**EXERCISE**
An exact copy of the entries, with every picture omitted, is what is needed here.

**PROVIDED MATERIAL**
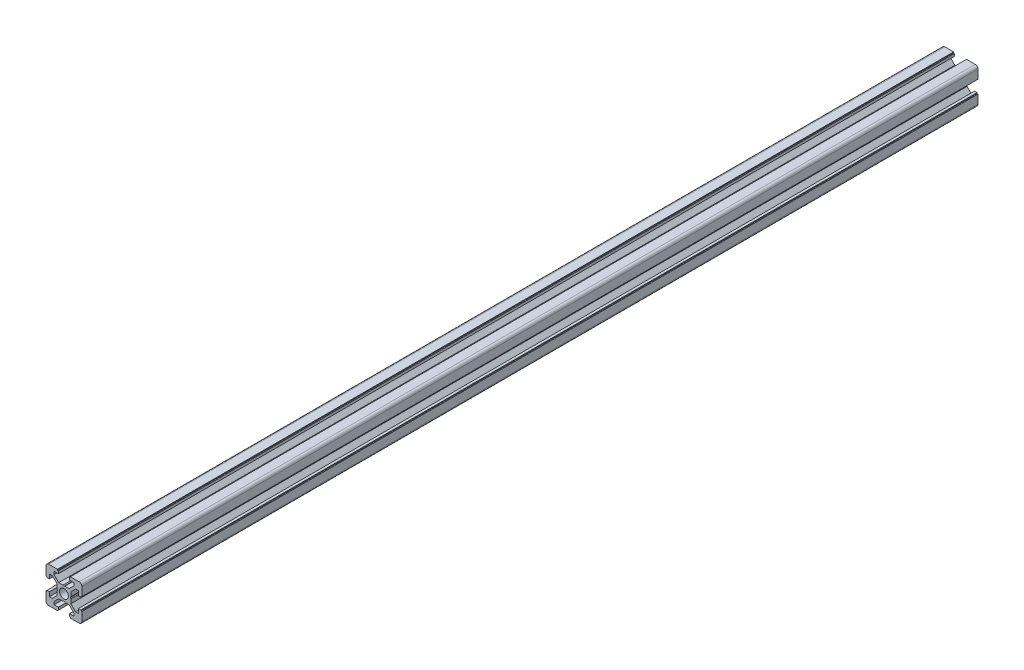
SolidWorks part; units mm, degrees
ref_plane "前视基准面" through (0, 0, 0) normal (0, 0, 1) x (1, 0, 0)
ref_plane "上视基准面" through (0, 0, 0) normal (0, 1, 0) x (1, 0, 0)
ref_plane "右视基准面" through (0, 0, 0) normal (1, 0, 0) x (0, 0, -1)
sketch "Model" plane through (0, 0, 0) normal (0, 0, 1) x (1, 0, 0)
  line L0 (-3.9, 0.5196) -> (-3.6, 0)
  line L1 (-3.6, 0) -> (-3.9, -0.5196)
  line L2 (-3.9, -0.5196) -> (-3.9, -2.9101)
  line L3 (-3.9, -2.9101) -> (-6.4899, -5.5)
  line L4 (-6.4899, -5.5) -> (-8.1, -5.5)
  line L5 (-8.1, -5.5) -> (-8.1, -3.1)
  line L6 (-8.1, -3.1) -> (-9.5, -3.1)
  line L7 (-9.5, -3.1) -> (-9.5, -3.6)
  line L8 (-9.5, -3.6) -> (-10, -3.6)
  line L9 (-10, -3.6) -> (-10, -8.5)
  line L10 (-8.5, -10) -> (-3.6, -10)
  line L11 (-3.6, -10) -> (-3.6, -9.5)
  line L12 (-3.6, -9.5) -> (-3.1, -9.5)
  line L13 (-3.1, -9.5) -> (-3.1, -8.1)
  line L14 (-3.1, -8.1) -> (-5.5, -8.1)
  line L15 (-5.5, -8.1) -> (-5.5, -6.4899)
  line L16 (-5.5, -6.4899) -> (-2.9101, -3.9)
  line L17 (-2.9101, -3.9) -> (-0.5196, -3.9)
  line L18 (-0.5196, -3.9) -> (0, -3.6)
  line L19 (0, -3.6) -> (0.5196, -3.9)
  line L20 (0.5196, -3.9) -> (2.9101, -3.9)
  line L21 (2.9101, -3.9) -> (5.5, -6.4899)
  line L22 (5.5, -6.4899) -> (5.5, -8.1)
  line L23 (5.5, -8.1) -> (3.1, -8.1)
  line L24 (3.1, -8.1) -> (3.1, -9.5)
  line L25 (3.1, -9.5) -> (3.6, -9.5)
  line L26 (3.6, -9.5) -> (3.6, -10)
  line L27 (3.6, -10) -> (8.5, -10)
  line L28 (10, -8.5) -> (10, -3.6)
  line L29 (10, -3.6) -> (9.5, -3.6)
  line L30 (9.5, -3.6) -> (9.5, -3.1)
  line L31 (9.5, -3.1) -> (8.1, -3.1)
  line L32 (8.1, -3.1) -> (8.1, -5.5)
  line L33 (8.1, -5.5) -> (6.4899, -5.5)
  line L34 (6.4899, -5.5) -> (3.9, -2.9101)
  line L35 (3.9, -2.9101) -> (3.9, -0.5196)
  line L36 (3.9, -0.5196) -> (3.6, 0)
  line L37 (3.6, 0) -> (3.9, 0.5196)
  line L38 (3.9, 0.5196) -> (3.9, 2.9101)
  line L39 (3.9, 2.9101) -> (6.4899, 5.5)
  line L40 (6.4899, 5.5) -> (8.1, 5.5)
  line L41 (8.1, 5.5) -> (8.1, 3.1)
  line L42 (8.1, 3.1) -> (9.5, 3.1)
  line L43 (9.5, 3.1) -> (9.5, 3.6)
  line L44 (9.5, 3.6) -> (10, 3.6)
  line L45 (10, 3.6) -> (10, 8.5)
  line L46 (8.5, 10) -> (3.6, 10)
  line L47 (3.6, 10) -> (3.6, 9.5)
  line L48 (3.6, 9.5) -> (3.1, 9.5)
  line L49 (3.1, 9.5) -> (3.1, 8.1)
  line L50 (3.1, 8.1) -> (5.5, 8.1)
  line L51 (5.5, 8.1) -> (5.5, 6.4899)
  line L52 (5.5, 6.4899) -> (2.9101, 3.9)
  line L53 (2.9101, 3.9) -> (0.5196, 3.9)
  line L54 (0.5196, 3.9) -> (0, 3.6)
  line L55 (0, 3.6) -> (-0.5196, 3.9)
  line L56 (-0.5196, 3.9) -> (-2.9101, 3.9)
  line L57 (-2.9101, 3.9) -> (-5.5, 6.4899)
  line L58 (-5.5, 6.4899) -> (-5.5, 8.1)
  line L59 (-5.5, 8.1) -> (-3.1, 8.1)
  line L60 (-3.1, 8.1) -> (-3.1, 9.5)
  line L61 (-3.1, 9.5) -> (-3.6, 9.5)
  line L62 (-3.6, 9.5) -> (-3.6, 10)
  line L63 (-3.6, 10) -> (-8.5, 10)
  line L64 (-10, 8.5) -> (-10, 3.6)
  line L65 (-10, 3.6) -> (-9.5, 3.6)
  line L66 (-9.5, 3.6) -> (-9.5, 3.1)
  line L67 (-9.5, 3.1) -> (-8.1, 3.1)
  line L68 (-8.1, 3.1) -> (-8.1, 5.5)
  line L69 (-8.1, 5.5) -> (-6.4899, 5.5)
  line L70 (-6.4899, 5.5) -> (-3.9, 2.9101)
  line L71 (-3.9, 2.9101) -> (-3.9, 0.5196)
  circle A0 centre (0, 0) radius 2.5
  arc A1 (-10, -8.5) -> (-8.5, -10) centre (-8.5, -8.5) ccw
  arc A2 (8.5, -10) -> (10, -8.5) centre (8.5, -8.5) ccw
  arc A3 (10, 8.5) -> (8.5, 10) centre (8.5, 8.5) ccw
  arc A4 (-8.5, 10) -> (-10, 8.5) centre (-8.5, 8.5) ccw
extrude "凸台-拉伸1" add sketch "Model" along normal blind 500
cosmetic thread "装饰螺纹线1"
cosmetic thread "装饰螺纹线2"
equation "\"width\"= 500"
equation "\"D1@凸台-拉伸1\"=\"width\""

**EXERCISE RESPONSE**
SolidWorks part; units mm, degrees
ref_plane "前视基准面" through (0, 0, 0) normal (0, 0, 1) x (1, 0, 0)
ref_plane "上视基准面" through (0, 0, 0) normal (0, 1, 0) x (1, 0, 0)
ref_plane "右视基准面" through (0, 0, 0) normal (1, 0, 0) x (0, 0, -1)
sketch "Model" plane through (0, 0, 0) normal (0, 0, 1) x (1, 0, 0)
  line L0 (-3.9, 0.5196) -> (-3.6, 0)
  line L1 (-3.6, 0) -> (-3.9, -0.5196)
  line L2 (-3.9, -0.5196) -> (-3.9, -2.9101)
  line L3 (-3.9, -2.9101) -> (-6.4899, -5.5)
  line L4 (-6.4899, -5.5) -> (-8.1, -5.5)
  line L5 (-8.1, -5.5) -> (-8.1, -3.1)
  line L6 (-8.1, -3.1) -> (-9.5, -3.1)
  line L7 (-9.5, -3.1) -> (-9.5, -3.6)
  line L8 (-9.5, -3.6) -> (-10, -3.6)
  line L9 (-10, -3.6) -> (-10, -8.5)
  line L10 (-8.5, -10) -> (-3.6, -10)
  line L11 (-3.6, -10) -> (-3.6, -9.5)
  line L12 (-3.6, -9.5) -> (-3.1, -9.5)
  line L13 (-3.1, -9.5) -> (-3.1, -8.1)
  line L14 (-3.1, -8.1) -> (-5.5, -8.1)
  line L15 (-5.5, -8.1) -> (-5.5, -6.4899)
  line L16 (-5.5, -6.4899) -> (-2.9101, -3.9)
  line L17 (-2.9101, -3.9) -> (-0.5196, -3.9)
  line L18 (-0.5196, -3.9) -> (0, -3.6)
  line L19 (0, -3.6) -> (0.5196, -3.9)
  line L20 (0.5196, -3.9) -> (2.9101, -3.9)
  line L21 (2.9101, -3.9) -> (5.5, -6.4899)
  line L22 (5.5, -6.4899) -> (5.5, -8.1)
  line L23 (5.5, -8.1) -> (3.1, -8.1)
  line L24 (3.1, -8.1) -> (3.1, -9.5)
  line L25 (3.1, -9.5) -> (3.6, -9.5)
  line L26 (3.6, -9.5) -> (3.6, -10)
  line L27 (3.6, -10) -> (8.5, -10)
  line L28 (10, -8.5) -> (10, -3.6)
  line L29 (10, -3.6) -> (9.5, -3.6)
  line L30 (9.5, -3.6) -> (9.5, -3.1)
  line L31 (9.5, -3.1) -> (8.1, -3.1)
  line L32 (8.1, -3.1) -> (8.1, -5.5)
  line L33 (8.1, -5.5) -> (6.4899, -5.5)
  line L34 (6.4899, -5.5) -> (3.9, -2.9101)
  line L35 (3.9, -2.9101) -> (3.9, -0.5196)
  line L36 (3.9, -0.5196) -> (3.6, 0)
  line L37 (3.6, 0) -> (3.9, 0.5196)
  line L38 (3.9, 0.5196) -> (3.9, 2.9101)
  line L39 (3.9, 2.9101) -> (6.4899, 5.5)
  line L40 (6.4899, 5.5) -> (8.1, 5.5)
  line L41 (8.1, 5.5) -> (8.1, 3.1)
  line L42 (8.1, 3.1) -> (9.5, 3.1)
  line L43 (9.5, 3.1) -> (9.5, 3.6)
  line L44 (9.5, 3.6) -> (10, 3.6)
  line L45 (10, 3.6) -> (10, 8.5)
  line L46 (8.5, 10) -> (3.6, 10)
  line L47 (3.6, 10) -> (3.6, 9.5)
  line L48 (3.6, 9.5) -> (3.1, 9.5)
  line L49 (3.1, 9.5) -> (3.1, 8.1)
  line L50 (3.1, 8.1) -> (5.5, 8.1)
  line L51 (5.5, 8.1) -> (5.5, 6.4899)
  line L52 (5.5, 6.4899) -> (2.9101, 3.9)
  line L53 (2.9101, 3.9) -> (0.5196, 3.9)
  line L54 (0.5196, 3.9) -> (0, 3.6)
  line L55 (0, 3.6) -> (-0.5196, 3.9)
  line L56 (-0.5196, 3.9) -> (-2.9101, 3.9)
  line L57 (-2.9101, 3.9) -> (-5.5, 6.4899)
  line L58 (-5.5, 6.4899) -> (-5.5, 8.1)
  line L59 (-5.5, 8.1) -> (-3.1, 8.1)
  line L60 (-3.1, 8.1) -> (-3.1, 9.5)
  line L61 (-3.1, 9.5) -> (-3.6, 9.5)
  line L62 (-3.6, 9.5) -> (-3.6, 10)
  line L63 (-3.6, 10) -> (-8.5, 10)
  line L64 (-10, 8.5) -> (-10, 3.6)
  line L65 (-10, 3.6) -> (-9.5, 3.6)
  line L66 (-9.5, 3.6) -> (-9.5, 3.1)
  line L67 (-9.5, 3.1) -> (-8.1, 3.1)
  line L68 (-8.1, 3.1) -> (-8.1, 5.5)
  line L69 (-8.1, 5.5) -> (-6.4899, 5.5)
  line L70 (-6.4899, 5.5) -> (-3.9, 2.9101)
  line L71 (-3.9, 2.9101) -> (-3.9, 0.5196)
  circle A0 centre (0, 0) radius 2.5
  arc A1 (-10, -8.5) -> (-8.5, -10) centre (-8.5, -8.5) ccw
  arc A2 (8.5, -10) -> (10, -8.5) centre (8.5, -8.5) ccw
  arc A3 (10, 8.5) -> (8.5, 10) centre (8.5, 8.5) ccw
  arc A4 (-8.5, 10) -> (-10, 8.5) centre (-8.5, 8.5) ccw
extrude "凸台-拉伸1" add sketch "Model" along normal blind 500
cosmetic thread "装饰螺纹线1"
cosmetic thread "装饰螺纹线2"
equation "\"width\"= 500"
equation "\"D1@凸台-拉伸1\"=\"width\""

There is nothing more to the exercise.